WORK TO COMPLETE: Only the lines from the beginning of the data through the one with "#12=(NAMED_UNIT(*) SI_UNIT($,.STERADIAN.) SOLID_ANGLE_UNIT());" belong in the answer, each retyped exactly, with pictures left out.

(Collected data entries)
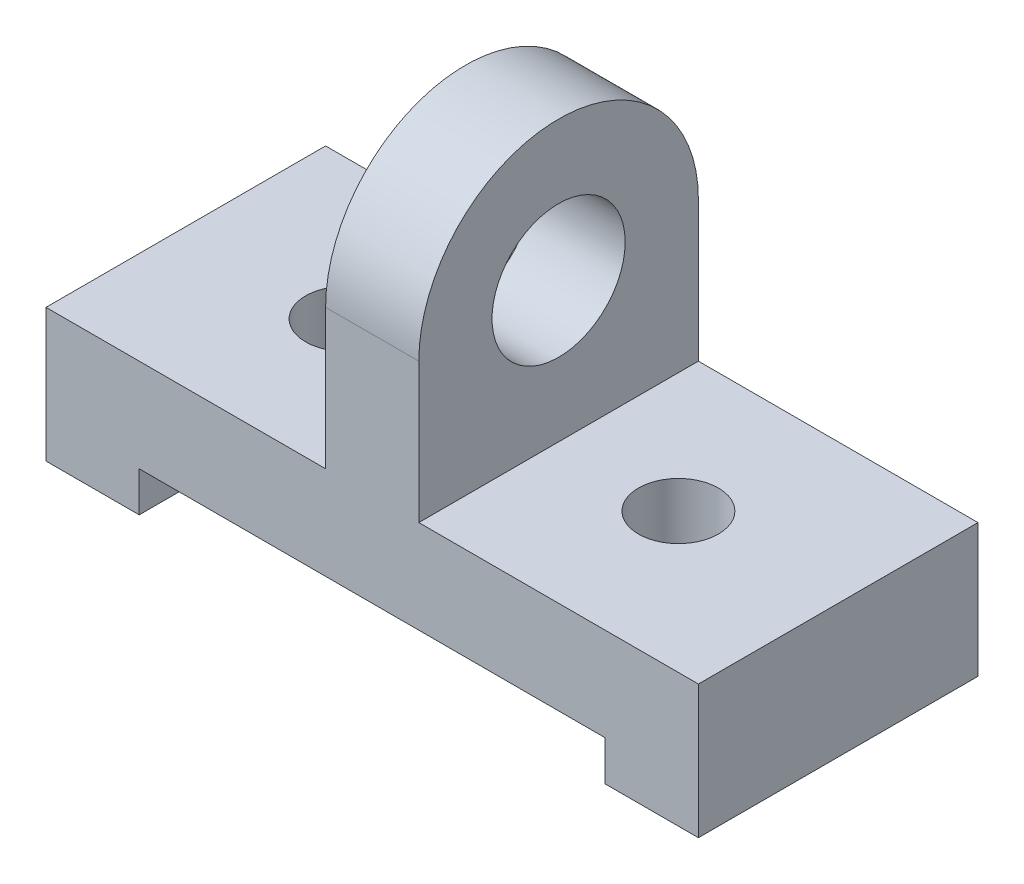
ISO-10303-21;
HEADER;
FILE_DESCRIPTION(('STEP AP214'),'2;1');
FILE_NAME('part.step','',(''),(''),'','','');
FILE_SCHEMA(('AUTOMOTIVE_DESIGN { 1 0 10303 214 1 1 1 1 }'));
ENDSEC;
DATA;
#1=APPLICATION_CONTEXT('core data for automotive mechanical design processes');
#2=APPLICATION_PROTOCOL_DEFINITION('international standard','automotive_design',2000,#1);
#3=PRODUCT_CONTEXT('',#1,'mechanical');
#4=PRODUCT('Part','Part','',(#3));
#5=PRODUCT_RELATED_PRODUCT_CATEGORY('part','',(#4));
#6=PRODUCT_DEFINITION_FORMATION('','',#4);
#7=PRODUCT_DEFINITION_CONTEXT('part definition',#1,'design');
#8=PRODUCT_DEFINITION('design','',#6,#7);
#9=PRODUCT_DEFINITION_SHAPE('','',#8);
#10=(LENGTH_UNIT() NAMED_UNIT(*) SI_UNIT(.MILLI.,.METRE.));
#11=(NAMED_UNIT(*) PLANE_ANGLE_UNIT() SI_UNIT($,.RADIAN.));
#12=(NAMED_UNIT(*) SI_UNIT($,.STERADIAN.) SOLID_ANGLE_UNIT());
#13=UNCERTAINTY_MEASURE_WITH_UNIT(LENGTH_MEASURE(1.E-05),#10,'distance_accuracy_value','');
#14=(GEOMETRIC_REPRESENTATION_CONTEXT(3) GLOBAL_UNCERTAINTY_ASSIGNED_CONTEXT((#13)) GLOBAL_UNIT_ASSIGNED_CONTEXT((#10,
#11,#12)) REPRESENTATION_CONTEXT('',''));
#15=CARTESIAN_POINT('',(0.,0.,0.));
#16=DIRECTION('',(0.,0.,1.));
#17=DIRECTION('',(1.,0.,0.));
#18=AXIS2_PLACEMENT_3D('',#15,#16,#17);
#19=CARTESIAN_POINT('',(7.,41.,0.));
#20=DIRECTION('',(1.,0.,0.));
#21=DIRECTION('',(0.,0.,-1.));
#22=AXIS2_PLACEMENT_3D('',#19,#20,#21);
#23=CYLINDRICAL_SURFACE('',#22,21.);
#24=DIRECTION('',(-1.,0.,0.));
#25=VECTOR('',#24,1.);
#26=CARTESIAN_POINT('',(7.,41.,21.));
#27=LINE('',#26,#25);
#28=CARTESIAN_POINT('',(7.,41.,21.));
#29=VERTEX_POINT('',#28);
#30=CARTESIAN_POINT('',(-7.,41.,21.));
#31=VERTEX_POINT('',#30);
#32=EDGE_CURVE('E177',#29,#31,#27,.T.);
#33=ORIENTED_EDGE('',*,*,#32,.F.);
#34=CARTESIAN_POINT('',(7.,41.,0.));
#35=DIRECTION('',(-1.,0.,0.));
#36=DIRECTION('',(0.,0.,1.));
#37=AXIS2_PLACEMENT_3D('',#34,#35,#36);
#38=CIRCLE('',#37,21.);
#39=CARTESIAN_POINT('',(7.,41.,-21.));
#40=VERTEX_POINT('',#39);
#41=EDGE_CURVE('E43',#40,#29,#38,.F.);
#42=ORIENTED_EDGE('',*,*,#41,.F.);
#43=DIRECTION('',(-1.,0.,0.));
#44=VECTOR('',#43,1.);
#45=CARTESIAN_POINT('',(7.,41.,-21.));
#46=LINE('',#45,#44);
#47=CARTESIAN_POINT('',(-7.,41.,-21.));
#48=VERTEX_POINT('',#47);
#49=EDGE_CURVE('E179',#48,#40,#46,.F.);
#50=ORIENTED_EDGE('',*,*,#49,.F.);
#51=CARTESIAN_POINT('',(-7.,41.,0.));
#52=DIRECTION('',(-1.,0.,0.));
#53=DIRECTION('',(0.,0.,1.));
#54=AXIS2_PLACEMENT_3D('',#51,#52,#53);
#55=CIRCLE('',#54,21.);
#56=EDGE_CURVE('E11',#31,#48,#55,.T.);
#57=ORIENTED_EDGE('',*,*,#56,.F.);
#58=EDGE_LOOP('',(#33,#42,#50,#57));
#59=FACE_BOUND('',#58,.T.);
#60=ADVANCED_FACE('F35',(#59),#23,.T.);
#61=CARTESIAN_POINT('',(0.,20.,0.));
#62=DIRECTION('',(0.,1.,0.));
#63=DIRECTION('',(0.,0.,1.));
#64=AXIS2_PLACEMENT_3D('',#61,#62,#63);
#65=PLANE('',#64);
#66=CARTESIAN_POINT('',(-25.,20.,0.));
#67=DIRECTION('',(0.,1.,0.));
#68=DIRECTION('',(0.,0.,1.));
#69=AXIS2_PLACEMENT_3D('',#66,#67,#68);
#70=CIRCLE('',#69,6.);
#71=CARTESIAN_POINT('',(-25.,20.,6.));
#72=VERTEX_POINT('',#71);
#73=EDGE_CURVE('E193',#72,#72,#70,.T.);
#74=ORIENTED_EDGE('',*,*,#73,.F.);
#75=EDGE_LOOP('',(#74));
#76=FACE_BOUND('',#75,.T.);
#77=DIRECTION('',(1.,0.,0.));
#78=VECTOR('',#77,1.);
#79=CARTESIAN_POINT('',(-49.,20.,21.));
#80=LINE('',#79,#78);
#81=CARTESIAN_POINT('',(-49.,20.,21.));
#82=VERTEX_POINT('',#81);
#83=CARTESIAN_POINT('',(-7.,20.,21.));
#84=VERTEX_POINT('',#83);
#85=EDGE_CURVE('E145',#82,#84,#80,.T.);
#86=ORIENTED_EDGE('',*,*,#85,.T.);
#87=DIRECTION('',(0.,0.,-1.));
#88=VECTOR('',#87,1.);
#89=CARTESIAN_POINT('',(-7.,20.,21.));
#90=LINE('',#89,#88);
#91=CARTESIAN_POINT('',(-7.,20.,-21.));
#92=VERTEX_POINT('',#91);
#93=EDGE_CURVE('E187',#84,#92,#90,.T.);
#94=ORIENTED_EDGE('',*,*,#93,.T.);
#95=DIRECTION('',(-1.,0.,0.));
#96=VECTOR('',#95,1.);
#97=CARTESIAN_POINT('',(-49.,20.,-21.));
#98=LINE('',#97,#96);
#99=CARTESIAN_POINT('',(-49.,20.,-21.));
#100=VERTEX_POINT('',#99);
#101=EDGE_CURVE('E230',#92,#100,#98,.T.);
#102=ORIENTED_EDGE('',*,*,#101,.T.);
#103=DIRECTION('',(0.,0.,1.));
#104=VECTOR('',#103,1.);
#105=CARTESIAN_POINT('',(-49.,20.,-21.));
#106=LINE('',#105,#104);
#107=EDGE_CURVE('E146',#100,#82,#106,.T.);
#108=ORIENTED_EDGE('',*,*,#107,.T.);
#109=EDGE_LOOP('',(#86,#94,#102,#108));
#110=FACE_BOUND('',#109,.T.);
#111=ADVANCED_FACE('F233',(#76,#110),#65,.T.);
#112=CARTESIAN_POINT('',(0.,0.,0.));
#113=DIRECTION('',(0.,1.,0.));
#114=DIRECTION('',(0.,0.,1.));
#115=AXIS2_PLACEMENT_3D('',#112,#113,#114);
#116=PLANE('',#115);
#117=DIRECTION('',(-1.,0.,0.));
#118=VECTOR('',#117,1.);
#119=CARTESIAN_POINT('',(-49.,0.,-21.));
#120=LINE('',#119,#118);
#121=CARTESIAN_POINT('',(-35.,0.,-21.));
#122=VERTEX_POINT('',#121);
#123=CARTESIAN_POINT('',(-49.,0.,-21.));
#124=VERTEX_POINT('',#123);
#125=EDGE_CURVE('E155',#122,#124,#120,.T.);
#126=ORIENTED_EDGE('',*,*,#125,.F.);
#127=DIRECTION('',(0.,0.,1.));
#128=VECTOR('',#127,1.);
#129=CARTESIAN_POINT('',(-35.,0.,-21.));
#130=LINE('',#129,#128);
#131=CARTESIAN_POINT('',(-35.,0.,21.));
#132=VERTEX_POINT('',#131);
#133=EDGE_CURVE('E216',#122,#132,#130,.T.);
#134=ORIENTED_EDGE('',*,*,#133,.T.);
#135=DIRECTION('',(1.,0.,0.));
#136=VECTOR('',#135,1.);
#137=CARTESIAN_POINT('',(-49.,0.,21.));
#138=LINE('',#137,#136);
#139=CARTESIAN_POINT('',(-49.,0.,21.));
#140=VERTEX_POINT('',#139);
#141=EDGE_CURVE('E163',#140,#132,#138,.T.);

RESPONSE TO THE EXERCISE:
ISO-10303-21;
HEADER;
FILE_DESCRIPTION(('STEP AP214'),'2;1');
FILE_NAME('part.step','',(''),(''),'','','');
FILE_SCHEMA(('AUTOMOTIVE_DESIGN { 1 0 10303 214 1 1 1 1 }'));
ENDSEC;
DATA;
#1=APPLICATION_CONTEXT('core data for automotive mechanical design processes');
#2=APPLICATION_PROTOCOL_DEFINITION('international standard','automotive_design',2000,#1);
#3=PRODUCT_CONTEXT('',#1,'mechanical');
#4=PRODUCT('Part','Part','',(#3));
#5=PRODUCT_RELATED_PRODUCT_CATEGORY('part','',(#4));
#6=PRODUCT_DEFINITION_FORMATION('','',#4);
#7=PRODUCT_DEFINITION_CONTEXT('part definition',#1,'design');
#8=PRODUCT_DEFINITION('design','',#6,#7);
#9=PRODUCT_DEFINITION_SHAPE('','',#8);
#10=(LENGTH_UNIT() NAMED_UNIT(*) SI_UNIT(.MILLI.,.METRE.));
#11=(NAMED_UNIT(*) PLANE_ANGLE_UNIT() SI_UNIT($,.RADIAN.));
#12=(NAMED_UNIT(*) SI_UNIT($,.STERADIAN.) SOLID_ANGLE_UNIT());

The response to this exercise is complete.